**What the exercise asks**
Each line below with the string "ALINE" should be copied.
◆ ◆ ◆
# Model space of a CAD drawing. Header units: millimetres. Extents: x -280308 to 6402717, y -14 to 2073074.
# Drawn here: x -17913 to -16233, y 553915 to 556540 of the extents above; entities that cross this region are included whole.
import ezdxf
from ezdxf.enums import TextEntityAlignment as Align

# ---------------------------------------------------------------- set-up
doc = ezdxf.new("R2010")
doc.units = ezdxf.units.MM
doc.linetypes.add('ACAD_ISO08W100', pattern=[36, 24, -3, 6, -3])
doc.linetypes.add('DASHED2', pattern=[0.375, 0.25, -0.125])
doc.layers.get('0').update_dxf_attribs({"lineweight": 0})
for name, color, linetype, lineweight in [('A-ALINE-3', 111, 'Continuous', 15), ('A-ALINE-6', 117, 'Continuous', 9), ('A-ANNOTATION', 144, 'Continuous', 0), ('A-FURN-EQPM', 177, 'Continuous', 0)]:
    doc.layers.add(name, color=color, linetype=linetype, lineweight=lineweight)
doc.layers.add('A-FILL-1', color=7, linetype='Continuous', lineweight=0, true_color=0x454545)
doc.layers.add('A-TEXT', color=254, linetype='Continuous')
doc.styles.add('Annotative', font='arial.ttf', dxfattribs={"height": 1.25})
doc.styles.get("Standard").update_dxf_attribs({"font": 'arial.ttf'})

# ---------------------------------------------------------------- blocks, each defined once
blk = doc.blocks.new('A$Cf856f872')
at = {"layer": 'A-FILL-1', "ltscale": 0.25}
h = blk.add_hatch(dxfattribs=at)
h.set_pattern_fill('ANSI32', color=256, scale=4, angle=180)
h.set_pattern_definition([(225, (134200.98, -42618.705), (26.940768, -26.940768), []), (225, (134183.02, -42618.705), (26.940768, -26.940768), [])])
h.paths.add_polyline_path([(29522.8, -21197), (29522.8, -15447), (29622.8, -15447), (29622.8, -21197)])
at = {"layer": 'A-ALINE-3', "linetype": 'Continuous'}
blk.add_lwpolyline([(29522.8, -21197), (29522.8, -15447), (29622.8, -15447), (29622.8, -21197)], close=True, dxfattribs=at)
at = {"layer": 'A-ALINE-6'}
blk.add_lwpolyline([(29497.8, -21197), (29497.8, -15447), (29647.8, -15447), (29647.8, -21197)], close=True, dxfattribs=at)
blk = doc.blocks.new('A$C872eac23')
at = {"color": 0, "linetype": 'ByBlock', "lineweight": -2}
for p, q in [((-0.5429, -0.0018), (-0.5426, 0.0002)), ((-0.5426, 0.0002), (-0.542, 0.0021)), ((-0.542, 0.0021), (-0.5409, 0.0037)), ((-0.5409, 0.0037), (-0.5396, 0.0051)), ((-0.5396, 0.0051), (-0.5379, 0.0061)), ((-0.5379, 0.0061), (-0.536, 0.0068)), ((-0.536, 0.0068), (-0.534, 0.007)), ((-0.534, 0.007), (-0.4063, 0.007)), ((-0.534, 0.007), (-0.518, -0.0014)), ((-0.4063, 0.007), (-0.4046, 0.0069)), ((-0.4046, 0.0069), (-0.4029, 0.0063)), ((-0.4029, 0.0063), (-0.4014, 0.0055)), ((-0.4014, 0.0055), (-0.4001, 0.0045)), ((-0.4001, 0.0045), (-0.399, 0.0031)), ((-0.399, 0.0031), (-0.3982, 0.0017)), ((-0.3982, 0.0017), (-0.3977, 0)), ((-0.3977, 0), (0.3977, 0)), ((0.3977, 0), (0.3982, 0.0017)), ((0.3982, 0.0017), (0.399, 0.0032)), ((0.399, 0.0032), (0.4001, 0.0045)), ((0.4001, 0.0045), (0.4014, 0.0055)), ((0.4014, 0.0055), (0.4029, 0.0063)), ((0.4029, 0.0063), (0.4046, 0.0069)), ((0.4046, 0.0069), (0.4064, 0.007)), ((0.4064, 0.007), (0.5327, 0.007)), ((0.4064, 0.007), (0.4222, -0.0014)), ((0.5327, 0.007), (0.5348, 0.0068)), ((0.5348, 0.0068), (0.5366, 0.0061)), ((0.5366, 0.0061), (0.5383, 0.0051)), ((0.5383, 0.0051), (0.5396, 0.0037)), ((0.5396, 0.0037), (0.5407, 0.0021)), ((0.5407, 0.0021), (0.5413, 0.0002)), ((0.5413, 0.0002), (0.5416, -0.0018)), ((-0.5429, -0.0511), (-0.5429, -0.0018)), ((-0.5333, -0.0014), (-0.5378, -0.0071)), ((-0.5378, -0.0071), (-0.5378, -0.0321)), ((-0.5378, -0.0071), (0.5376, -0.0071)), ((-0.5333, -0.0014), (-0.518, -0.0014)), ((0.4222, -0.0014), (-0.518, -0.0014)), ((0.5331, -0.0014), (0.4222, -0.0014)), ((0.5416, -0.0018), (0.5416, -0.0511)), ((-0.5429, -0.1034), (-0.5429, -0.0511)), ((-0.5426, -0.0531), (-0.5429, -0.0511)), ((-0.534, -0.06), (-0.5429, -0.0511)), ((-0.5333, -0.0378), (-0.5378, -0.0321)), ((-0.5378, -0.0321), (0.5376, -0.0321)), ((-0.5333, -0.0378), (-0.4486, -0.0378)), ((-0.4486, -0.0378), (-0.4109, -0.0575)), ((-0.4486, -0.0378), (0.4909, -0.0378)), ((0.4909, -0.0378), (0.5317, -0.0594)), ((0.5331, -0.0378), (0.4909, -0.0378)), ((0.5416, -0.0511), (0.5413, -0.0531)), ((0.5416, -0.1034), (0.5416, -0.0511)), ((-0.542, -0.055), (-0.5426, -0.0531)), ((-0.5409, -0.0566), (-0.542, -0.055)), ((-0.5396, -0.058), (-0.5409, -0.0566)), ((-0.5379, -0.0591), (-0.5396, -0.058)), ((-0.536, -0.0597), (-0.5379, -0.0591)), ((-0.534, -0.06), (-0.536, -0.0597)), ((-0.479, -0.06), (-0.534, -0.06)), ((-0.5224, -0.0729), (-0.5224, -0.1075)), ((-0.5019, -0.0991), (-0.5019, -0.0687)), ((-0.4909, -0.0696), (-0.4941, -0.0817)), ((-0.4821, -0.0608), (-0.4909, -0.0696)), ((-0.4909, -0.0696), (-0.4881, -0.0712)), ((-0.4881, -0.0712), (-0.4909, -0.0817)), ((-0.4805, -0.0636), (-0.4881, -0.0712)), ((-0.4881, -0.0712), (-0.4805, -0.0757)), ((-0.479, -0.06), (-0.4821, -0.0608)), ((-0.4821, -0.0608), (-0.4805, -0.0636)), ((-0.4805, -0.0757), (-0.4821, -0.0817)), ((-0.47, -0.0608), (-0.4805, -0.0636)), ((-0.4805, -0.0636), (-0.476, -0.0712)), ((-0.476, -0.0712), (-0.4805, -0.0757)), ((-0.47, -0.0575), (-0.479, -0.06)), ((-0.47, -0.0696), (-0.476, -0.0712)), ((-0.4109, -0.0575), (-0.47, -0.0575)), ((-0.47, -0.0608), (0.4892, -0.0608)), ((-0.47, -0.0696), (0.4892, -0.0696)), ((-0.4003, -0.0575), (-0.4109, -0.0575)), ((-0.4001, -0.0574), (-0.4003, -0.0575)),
◆ ◆ ◆
**Solution to this exercise**
for name, color, linetype, lineweight in [('A-ALINE-3', 111, 'Continuous', 15), ('A-ALINE-6', 117, 'Continuous', 9), ('A-ANNOTATION', 144, 'Continuous', 0), ('A-FURN-EQPM', 177, 'Continuous', 0)]:
at = {"layer": 'A-ALINE-3', "linetype": 'Continuous'}
at = {"layer": 'A-ALINE-6'}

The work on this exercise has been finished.